No se me ocurre nada para su feria, y como en el pasado no le he ayudado en ningun curso, quiero ayudarlo en su ultimo año, pero para mi edad, mi memoria no es como antes.

Quisiera pedirles una ayuda con cualquier experimento,  con principios de Fisica o Quimica

Si len esto y si me responden, muchas gracias


----------



## El nombre (Abr 14, 2009)

limon, papel y dos metales ¿Cuales? busca por la red y verás como hacer una pila.
Solo es una idea.


----------



## Guest (Abr 14, 2009)

hola silvermoon
otro forista estaba buscando hacer un proyecto de electromagnetismo ( no se si te sirve ) es muy simple de hacer y divertido! , se llama "LEVITRON" busca en google y en youtube hay mucha información al respecto! saludos


----------



## elmo2 (Abr 14, 2009)

concuerdo con "el nombre", es muy facil y lo puedes hacer muy vistoso, un ejemplo:

http://static01.instructables.com/id/The_micro_Lemon_Battery_reusable_1_hour_of_led_l/

o puedes hacer el joule thief que es muy sencillo pero la explicacion matematica es complicada:

http://www.emanator.demon.co.uk/bigclive/joule.htm

http://cappels.org/dproj/ledpage/leddrv.htm

http://flagiusz.republika.pl/flashlight/index.html

o que tal un calentador solar para tu casa ?

http://www.mobilehomerepair.com/article17solar.htm

aca hay otros para cuidar el medio ambiente...

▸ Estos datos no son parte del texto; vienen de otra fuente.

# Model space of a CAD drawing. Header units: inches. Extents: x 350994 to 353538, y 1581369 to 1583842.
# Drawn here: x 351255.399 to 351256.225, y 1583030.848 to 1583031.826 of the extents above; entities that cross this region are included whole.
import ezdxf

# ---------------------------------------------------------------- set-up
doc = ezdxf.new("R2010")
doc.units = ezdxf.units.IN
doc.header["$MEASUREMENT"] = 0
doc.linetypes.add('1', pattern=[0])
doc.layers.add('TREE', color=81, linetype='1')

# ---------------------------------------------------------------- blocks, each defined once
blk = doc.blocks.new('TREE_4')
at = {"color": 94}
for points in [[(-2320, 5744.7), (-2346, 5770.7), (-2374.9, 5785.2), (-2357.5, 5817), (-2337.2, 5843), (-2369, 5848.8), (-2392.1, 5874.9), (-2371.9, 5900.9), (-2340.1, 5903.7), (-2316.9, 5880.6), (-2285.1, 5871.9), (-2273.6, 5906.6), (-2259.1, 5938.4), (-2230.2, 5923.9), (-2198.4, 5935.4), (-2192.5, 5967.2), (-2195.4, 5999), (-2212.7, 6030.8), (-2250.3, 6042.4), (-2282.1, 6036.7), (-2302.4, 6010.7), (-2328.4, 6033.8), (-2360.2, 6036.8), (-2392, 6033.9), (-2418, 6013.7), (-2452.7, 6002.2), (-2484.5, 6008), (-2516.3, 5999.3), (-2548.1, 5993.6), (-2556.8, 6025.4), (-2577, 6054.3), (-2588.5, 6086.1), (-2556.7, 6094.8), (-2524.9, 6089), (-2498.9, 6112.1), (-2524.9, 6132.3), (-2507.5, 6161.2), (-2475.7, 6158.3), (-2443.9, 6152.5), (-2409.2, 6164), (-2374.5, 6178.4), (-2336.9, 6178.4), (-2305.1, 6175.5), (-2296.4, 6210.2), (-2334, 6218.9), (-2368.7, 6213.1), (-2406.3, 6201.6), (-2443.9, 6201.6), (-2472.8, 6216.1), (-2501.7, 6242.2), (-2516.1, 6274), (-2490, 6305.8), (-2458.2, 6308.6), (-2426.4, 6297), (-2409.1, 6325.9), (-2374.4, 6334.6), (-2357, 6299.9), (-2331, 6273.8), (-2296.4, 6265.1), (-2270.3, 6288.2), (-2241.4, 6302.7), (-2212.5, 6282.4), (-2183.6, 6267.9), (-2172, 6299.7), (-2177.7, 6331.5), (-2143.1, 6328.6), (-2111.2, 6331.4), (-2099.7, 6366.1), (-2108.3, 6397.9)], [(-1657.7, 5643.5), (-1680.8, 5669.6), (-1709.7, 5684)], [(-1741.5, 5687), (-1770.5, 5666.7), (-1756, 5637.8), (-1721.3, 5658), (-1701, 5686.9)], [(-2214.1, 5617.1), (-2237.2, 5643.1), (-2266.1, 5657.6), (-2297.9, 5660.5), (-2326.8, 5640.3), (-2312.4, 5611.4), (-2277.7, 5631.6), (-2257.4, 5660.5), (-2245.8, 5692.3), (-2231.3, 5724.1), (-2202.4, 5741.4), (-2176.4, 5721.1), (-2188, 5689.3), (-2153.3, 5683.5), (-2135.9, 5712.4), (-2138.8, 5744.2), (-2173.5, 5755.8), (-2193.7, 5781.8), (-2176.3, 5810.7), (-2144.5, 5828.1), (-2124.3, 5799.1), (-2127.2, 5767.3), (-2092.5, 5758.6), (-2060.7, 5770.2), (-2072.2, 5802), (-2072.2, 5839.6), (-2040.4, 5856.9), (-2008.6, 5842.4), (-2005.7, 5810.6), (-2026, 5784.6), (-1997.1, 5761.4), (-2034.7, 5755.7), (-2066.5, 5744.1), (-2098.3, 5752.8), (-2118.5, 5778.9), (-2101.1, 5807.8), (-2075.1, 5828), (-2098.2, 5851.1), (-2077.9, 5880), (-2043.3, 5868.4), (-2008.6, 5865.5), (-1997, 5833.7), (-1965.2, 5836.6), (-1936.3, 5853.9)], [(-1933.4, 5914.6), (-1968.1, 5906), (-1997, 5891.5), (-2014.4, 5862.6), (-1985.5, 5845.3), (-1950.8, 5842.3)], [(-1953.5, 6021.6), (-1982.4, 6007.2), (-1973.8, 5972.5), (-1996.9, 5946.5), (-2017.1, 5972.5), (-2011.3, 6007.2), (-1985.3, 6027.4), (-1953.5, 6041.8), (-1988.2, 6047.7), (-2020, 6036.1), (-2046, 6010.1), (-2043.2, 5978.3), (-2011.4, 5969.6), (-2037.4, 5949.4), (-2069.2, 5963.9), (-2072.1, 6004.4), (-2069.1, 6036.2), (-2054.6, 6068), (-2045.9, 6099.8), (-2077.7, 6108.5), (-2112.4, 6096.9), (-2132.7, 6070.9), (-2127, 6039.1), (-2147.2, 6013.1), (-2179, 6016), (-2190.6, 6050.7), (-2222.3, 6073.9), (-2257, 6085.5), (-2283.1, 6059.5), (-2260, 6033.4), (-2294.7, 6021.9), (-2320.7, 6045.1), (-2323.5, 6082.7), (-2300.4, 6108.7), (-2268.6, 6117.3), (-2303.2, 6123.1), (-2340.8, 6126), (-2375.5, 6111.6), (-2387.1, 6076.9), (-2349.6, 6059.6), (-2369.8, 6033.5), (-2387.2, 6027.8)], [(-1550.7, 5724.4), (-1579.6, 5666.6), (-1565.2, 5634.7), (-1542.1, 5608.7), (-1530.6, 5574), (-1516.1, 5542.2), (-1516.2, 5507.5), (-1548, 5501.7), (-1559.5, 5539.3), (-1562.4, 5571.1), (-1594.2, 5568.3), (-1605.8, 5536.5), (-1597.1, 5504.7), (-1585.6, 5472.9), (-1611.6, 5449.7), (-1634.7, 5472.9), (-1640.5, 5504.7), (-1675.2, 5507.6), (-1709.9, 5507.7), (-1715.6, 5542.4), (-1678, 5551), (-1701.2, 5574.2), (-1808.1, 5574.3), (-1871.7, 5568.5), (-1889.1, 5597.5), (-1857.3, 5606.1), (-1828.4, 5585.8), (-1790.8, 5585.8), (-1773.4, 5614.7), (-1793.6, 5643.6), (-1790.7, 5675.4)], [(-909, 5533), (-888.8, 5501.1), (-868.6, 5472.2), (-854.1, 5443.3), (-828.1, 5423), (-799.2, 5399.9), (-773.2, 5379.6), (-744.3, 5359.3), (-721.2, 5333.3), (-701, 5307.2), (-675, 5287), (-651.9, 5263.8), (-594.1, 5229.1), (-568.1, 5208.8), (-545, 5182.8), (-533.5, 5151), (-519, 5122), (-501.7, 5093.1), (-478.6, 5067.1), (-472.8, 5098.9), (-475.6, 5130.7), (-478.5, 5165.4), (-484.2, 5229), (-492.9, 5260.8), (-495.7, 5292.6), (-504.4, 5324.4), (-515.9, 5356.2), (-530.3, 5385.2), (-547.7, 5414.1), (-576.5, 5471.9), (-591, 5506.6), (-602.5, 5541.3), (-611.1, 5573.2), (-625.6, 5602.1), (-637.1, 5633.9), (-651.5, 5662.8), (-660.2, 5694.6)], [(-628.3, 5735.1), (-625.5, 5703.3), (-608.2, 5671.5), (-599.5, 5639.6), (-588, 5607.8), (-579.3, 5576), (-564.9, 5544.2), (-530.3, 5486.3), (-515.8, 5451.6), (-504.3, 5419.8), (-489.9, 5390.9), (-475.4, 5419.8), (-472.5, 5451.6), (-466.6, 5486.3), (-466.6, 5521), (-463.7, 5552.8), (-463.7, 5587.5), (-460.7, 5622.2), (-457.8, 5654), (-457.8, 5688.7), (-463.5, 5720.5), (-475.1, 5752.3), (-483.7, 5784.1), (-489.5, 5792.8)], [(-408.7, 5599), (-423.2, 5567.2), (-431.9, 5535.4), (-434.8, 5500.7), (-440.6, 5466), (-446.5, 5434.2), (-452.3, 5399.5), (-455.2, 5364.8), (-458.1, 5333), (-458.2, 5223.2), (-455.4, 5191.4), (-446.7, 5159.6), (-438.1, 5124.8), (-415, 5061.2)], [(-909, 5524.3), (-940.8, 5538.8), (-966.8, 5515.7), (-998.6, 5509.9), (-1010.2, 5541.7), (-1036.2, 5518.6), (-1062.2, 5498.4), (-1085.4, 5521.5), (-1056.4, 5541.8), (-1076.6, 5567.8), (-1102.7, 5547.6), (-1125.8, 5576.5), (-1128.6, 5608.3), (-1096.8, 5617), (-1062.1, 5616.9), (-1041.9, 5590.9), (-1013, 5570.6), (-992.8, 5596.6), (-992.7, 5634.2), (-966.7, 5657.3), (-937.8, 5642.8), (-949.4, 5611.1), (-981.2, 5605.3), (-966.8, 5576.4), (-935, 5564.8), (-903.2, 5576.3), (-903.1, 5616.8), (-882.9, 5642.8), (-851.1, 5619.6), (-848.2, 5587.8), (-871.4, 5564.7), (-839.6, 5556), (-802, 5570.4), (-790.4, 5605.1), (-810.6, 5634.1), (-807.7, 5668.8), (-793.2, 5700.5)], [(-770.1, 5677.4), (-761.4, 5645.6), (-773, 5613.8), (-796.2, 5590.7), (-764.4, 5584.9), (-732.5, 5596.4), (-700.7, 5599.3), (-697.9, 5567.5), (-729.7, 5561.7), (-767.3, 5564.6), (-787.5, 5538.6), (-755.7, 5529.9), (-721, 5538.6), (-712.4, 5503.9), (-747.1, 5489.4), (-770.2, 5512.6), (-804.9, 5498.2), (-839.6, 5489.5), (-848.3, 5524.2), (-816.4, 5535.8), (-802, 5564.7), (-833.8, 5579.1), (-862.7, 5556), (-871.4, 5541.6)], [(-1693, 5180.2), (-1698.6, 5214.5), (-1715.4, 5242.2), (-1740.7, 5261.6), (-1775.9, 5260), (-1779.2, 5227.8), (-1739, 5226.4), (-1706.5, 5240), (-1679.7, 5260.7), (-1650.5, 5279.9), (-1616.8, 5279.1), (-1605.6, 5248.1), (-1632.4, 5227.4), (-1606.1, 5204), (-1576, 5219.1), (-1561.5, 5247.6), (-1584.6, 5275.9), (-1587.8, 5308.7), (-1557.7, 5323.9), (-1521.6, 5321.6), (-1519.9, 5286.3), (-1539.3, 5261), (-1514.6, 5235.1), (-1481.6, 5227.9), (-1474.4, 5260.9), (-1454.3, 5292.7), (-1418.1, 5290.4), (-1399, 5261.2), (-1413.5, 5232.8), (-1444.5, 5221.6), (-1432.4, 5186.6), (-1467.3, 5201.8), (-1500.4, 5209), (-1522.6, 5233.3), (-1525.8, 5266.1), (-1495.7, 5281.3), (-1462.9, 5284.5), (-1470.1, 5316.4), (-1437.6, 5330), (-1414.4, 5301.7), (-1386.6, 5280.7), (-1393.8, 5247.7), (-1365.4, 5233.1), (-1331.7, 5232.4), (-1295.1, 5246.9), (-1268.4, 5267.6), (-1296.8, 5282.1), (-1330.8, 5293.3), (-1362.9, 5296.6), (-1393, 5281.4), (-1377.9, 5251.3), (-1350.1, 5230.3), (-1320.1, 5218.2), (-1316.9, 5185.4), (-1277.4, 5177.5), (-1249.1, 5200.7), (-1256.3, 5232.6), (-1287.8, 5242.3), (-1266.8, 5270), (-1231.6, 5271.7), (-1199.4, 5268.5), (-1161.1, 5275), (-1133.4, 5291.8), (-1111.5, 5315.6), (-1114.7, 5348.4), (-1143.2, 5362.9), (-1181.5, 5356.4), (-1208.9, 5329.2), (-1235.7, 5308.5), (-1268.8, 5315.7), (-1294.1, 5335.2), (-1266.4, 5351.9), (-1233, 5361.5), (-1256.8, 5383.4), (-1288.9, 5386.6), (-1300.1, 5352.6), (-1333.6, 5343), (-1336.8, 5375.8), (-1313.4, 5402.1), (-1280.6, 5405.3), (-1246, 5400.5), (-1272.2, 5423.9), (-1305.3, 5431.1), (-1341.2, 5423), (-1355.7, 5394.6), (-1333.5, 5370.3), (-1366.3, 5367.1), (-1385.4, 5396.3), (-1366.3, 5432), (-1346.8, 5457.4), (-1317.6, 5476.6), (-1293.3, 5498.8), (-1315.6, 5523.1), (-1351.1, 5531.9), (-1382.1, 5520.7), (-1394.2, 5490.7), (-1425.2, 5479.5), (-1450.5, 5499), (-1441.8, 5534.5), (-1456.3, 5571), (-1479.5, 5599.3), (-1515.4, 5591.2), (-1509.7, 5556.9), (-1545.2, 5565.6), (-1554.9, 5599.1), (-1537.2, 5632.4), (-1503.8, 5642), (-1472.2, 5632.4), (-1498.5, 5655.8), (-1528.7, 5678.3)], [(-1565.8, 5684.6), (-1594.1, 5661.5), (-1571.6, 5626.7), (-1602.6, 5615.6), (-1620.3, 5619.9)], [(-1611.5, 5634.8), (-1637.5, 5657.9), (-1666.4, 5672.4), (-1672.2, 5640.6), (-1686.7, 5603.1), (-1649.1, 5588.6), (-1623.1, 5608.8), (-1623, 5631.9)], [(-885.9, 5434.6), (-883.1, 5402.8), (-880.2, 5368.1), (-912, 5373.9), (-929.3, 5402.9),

http://www.builditsolar.com/Projects/Projects.htm

saludos...


----------



## Chico3001 (Abr 14, 2009)

Que buenos links para proyectos escolares....   ya tengo para cuando me vengan a preguntar proyectos de ese tipo

Aunque es una lastima que ya no vaya a la escuela   me hubiera gustado presentar algo asi...


----------



## elmo2 (Abr 16, 2009)

encontre un aerogenerador que funciona con poco viento y tiene un diseño muy singular:

http://static01.instructables.com/id/Windbelt-Redux--21st-Century-Micro-Power-Generatio/

tambien para generar electricidad con tu bicicleta...

http://www.thebackshed.com/windmill/articles/PedalPower.asp

http://www.scienceshareware.com/bike-generator-using-a-car-alternator.htm

y mas maquinas hechas con bicicletas (bicimaquinas):

http://www.mayapedal.org/

saludos...


----------



## Guest (Abr 16, 2009)

El nombre dijo:
			
		

> limon, papel y dos metales ¿Cuales? busca por la red y verás como hacer una pila.
> Solo es una idea.



Magnesio y cobre, de memoria, mola hacer funcionar un mp3 a base de zumo   



Con un lapiz y cobre haces tambien electrolisis.

McGiber Powaaaa


----------